Pet-Proto, right at the top of this article, is but one machine in the DARPA robot challenge, and over at the Automaton blog there's a neat summary of some of the other entrants. They all have one thing in common, apart from a creepy "just like sci-fi" sensation that may worry nervous viewers. Most of them are more than a little bit human in design. Which means that among the various sorts of robots there are, they may be in the top class: Androids.
The entry led by Drexel University is a typical one. Based on a Hubo robot chassis, the Drexel entry is via collaboration with 10 partner schools, and each school is responsible for innovating part of the robot's design. It must be able to mount and dismount a vehicle, drive the vehicle, traverse rubble-strewn terrain by itself, shift debris, open doors, climb ladders, and use tools to tackle a technical task--all the while demonstrating serious autonomy in navigation and decision-making. Ultimately the robot will be a prototype for future machines that could work in hazardous situations, such as a reactor after a radiation leak or a chemical factory after a spill or a fire.

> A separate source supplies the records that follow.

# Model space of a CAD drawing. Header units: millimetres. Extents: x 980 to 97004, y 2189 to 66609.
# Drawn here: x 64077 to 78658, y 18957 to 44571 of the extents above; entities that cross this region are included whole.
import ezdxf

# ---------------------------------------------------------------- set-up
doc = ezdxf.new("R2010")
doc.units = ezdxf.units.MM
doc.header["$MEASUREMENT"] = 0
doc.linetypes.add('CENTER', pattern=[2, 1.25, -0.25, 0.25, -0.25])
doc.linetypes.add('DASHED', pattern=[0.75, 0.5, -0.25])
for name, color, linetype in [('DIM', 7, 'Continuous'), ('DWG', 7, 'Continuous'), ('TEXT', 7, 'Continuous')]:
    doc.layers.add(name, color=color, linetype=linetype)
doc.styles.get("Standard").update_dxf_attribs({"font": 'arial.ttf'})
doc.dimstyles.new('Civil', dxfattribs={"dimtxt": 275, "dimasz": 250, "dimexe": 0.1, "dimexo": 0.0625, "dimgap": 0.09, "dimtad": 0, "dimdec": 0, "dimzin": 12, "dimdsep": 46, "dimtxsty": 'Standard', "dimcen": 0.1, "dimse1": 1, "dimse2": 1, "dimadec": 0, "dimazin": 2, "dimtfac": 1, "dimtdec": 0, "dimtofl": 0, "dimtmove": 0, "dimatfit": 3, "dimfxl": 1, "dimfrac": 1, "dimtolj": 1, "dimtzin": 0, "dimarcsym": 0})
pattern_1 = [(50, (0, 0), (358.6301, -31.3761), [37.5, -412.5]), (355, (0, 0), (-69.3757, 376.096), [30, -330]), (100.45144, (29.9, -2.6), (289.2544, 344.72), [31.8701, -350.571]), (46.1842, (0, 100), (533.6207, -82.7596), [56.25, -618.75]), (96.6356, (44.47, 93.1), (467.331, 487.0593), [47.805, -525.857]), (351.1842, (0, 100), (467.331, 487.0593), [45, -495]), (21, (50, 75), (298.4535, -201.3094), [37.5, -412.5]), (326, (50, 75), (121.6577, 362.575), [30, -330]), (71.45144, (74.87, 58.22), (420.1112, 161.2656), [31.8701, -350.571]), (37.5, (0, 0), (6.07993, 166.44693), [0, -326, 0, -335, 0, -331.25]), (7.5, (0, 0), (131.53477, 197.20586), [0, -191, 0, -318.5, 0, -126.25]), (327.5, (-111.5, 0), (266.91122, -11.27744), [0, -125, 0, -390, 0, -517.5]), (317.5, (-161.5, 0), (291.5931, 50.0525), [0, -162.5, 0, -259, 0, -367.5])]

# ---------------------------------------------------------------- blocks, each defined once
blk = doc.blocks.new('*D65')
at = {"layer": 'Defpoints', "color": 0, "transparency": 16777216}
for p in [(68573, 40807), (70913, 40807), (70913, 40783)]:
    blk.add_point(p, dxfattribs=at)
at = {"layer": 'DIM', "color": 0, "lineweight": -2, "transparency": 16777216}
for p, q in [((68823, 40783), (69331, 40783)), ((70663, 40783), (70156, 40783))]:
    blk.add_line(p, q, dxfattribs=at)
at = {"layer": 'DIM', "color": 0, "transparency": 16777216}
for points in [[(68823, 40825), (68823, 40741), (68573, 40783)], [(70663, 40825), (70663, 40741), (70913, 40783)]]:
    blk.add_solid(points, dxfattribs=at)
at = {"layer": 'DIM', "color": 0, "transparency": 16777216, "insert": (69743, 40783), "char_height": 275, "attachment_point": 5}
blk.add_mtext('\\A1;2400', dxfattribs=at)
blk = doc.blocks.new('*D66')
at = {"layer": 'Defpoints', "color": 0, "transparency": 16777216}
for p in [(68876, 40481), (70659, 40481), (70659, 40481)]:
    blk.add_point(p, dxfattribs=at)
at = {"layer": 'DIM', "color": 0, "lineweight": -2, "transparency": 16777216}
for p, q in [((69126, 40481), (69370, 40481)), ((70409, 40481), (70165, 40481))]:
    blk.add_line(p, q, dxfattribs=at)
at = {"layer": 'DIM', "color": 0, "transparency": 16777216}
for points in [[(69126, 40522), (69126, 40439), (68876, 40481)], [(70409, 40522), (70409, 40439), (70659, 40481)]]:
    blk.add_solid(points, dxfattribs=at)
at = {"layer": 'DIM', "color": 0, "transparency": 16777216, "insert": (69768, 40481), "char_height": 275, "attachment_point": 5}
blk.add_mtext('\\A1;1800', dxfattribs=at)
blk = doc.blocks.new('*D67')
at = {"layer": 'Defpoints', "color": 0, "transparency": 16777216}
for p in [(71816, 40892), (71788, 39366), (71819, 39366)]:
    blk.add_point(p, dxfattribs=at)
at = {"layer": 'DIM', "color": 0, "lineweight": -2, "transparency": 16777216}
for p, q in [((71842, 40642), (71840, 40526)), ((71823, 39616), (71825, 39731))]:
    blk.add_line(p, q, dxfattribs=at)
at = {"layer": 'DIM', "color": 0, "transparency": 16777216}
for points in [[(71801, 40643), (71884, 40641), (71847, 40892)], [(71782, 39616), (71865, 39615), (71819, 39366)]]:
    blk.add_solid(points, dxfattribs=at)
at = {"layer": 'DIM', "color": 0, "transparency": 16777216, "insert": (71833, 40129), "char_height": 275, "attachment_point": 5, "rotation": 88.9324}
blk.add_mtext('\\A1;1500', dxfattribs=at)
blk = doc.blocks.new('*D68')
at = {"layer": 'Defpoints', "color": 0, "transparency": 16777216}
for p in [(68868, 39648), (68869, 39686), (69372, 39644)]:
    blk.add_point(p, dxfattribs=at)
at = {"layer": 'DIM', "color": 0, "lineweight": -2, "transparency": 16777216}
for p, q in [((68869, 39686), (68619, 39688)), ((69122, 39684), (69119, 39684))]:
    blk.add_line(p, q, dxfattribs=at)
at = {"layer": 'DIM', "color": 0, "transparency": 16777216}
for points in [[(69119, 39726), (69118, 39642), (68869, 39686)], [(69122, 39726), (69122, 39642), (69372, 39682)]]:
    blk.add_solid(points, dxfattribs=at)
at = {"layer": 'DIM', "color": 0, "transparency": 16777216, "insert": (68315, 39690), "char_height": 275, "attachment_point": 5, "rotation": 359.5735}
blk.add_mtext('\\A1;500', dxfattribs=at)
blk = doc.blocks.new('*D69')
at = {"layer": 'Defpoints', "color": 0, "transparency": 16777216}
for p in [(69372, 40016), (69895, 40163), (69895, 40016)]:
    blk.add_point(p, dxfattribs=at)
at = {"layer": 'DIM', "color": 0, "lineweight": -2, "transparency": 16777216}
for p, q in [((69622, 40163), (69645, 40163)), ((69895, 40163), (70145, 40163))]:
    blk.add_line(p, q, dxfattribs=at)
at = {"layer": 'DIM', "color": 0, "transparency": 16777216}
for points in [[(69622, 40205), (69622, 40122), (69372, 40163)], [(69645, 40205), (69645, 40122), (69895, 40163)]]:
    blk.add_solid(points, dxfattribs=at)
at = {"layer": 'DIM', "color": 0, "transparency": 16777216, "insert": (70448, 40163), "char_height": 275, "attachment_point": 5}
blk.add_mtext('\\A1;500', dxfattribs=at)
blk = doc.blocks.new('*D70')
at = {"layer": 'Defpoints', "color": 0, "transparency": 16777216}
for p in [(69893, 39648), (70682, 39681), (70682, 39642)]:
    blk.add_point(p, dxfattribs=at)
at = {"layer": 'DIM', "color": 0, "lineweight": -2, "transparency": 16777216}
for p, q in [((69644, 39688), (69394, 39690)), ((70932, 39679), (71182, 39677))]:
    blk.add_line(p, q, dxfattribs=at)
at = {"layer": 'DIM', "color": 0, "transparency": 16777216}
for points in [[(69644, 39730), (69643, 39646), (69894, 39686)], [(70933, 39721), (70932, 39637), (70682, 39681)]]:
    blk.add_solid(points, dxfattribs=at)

And that's where the human-like aspects of the robot come to the fore--it's effectively acting as a fireman in situations where you'd prefer not to risk a human life, if possible. Because such machines can be used in even more dangerous environs than humans can tolerate, they may make even better firemen than, well, men (under certain situations).
There are good reasons for making a robot look like a human. It starts with the fact that billions of us have, throughout our own history, been carefully transforming the world to be human-shaped. That means structures as diverse as cars and sidewalks, all the way down to homes and the tools we use at work and play. But we've also covered the world in human systems like roads and other transportation grids. And our human minds have a tendency to anthropomorphize almost anything...even as abstract a concept as a trash compacting robot stuck, alone, on an imaginary future earth--which means we may relate better to such machines.
And that's going to be crucial. Pet-Proto and some of his other DARPA peers may end up saving lives, but they're also very much like the famous robot from the Terminator movies. And Terminator himself plays on some deep human fears of things that look human but are implacably evil.
We've written a bit about trusting robots before, but this time we're going to end TWiB with a question: Could you trust a home butler-bot that's as inhuman as mObi, or would you find it easier to trust a more C-3PO-like machine like Pet-Proto? It's worth pondering because it seems progress toward making an android is proceeding faster than you may have possibly imagined.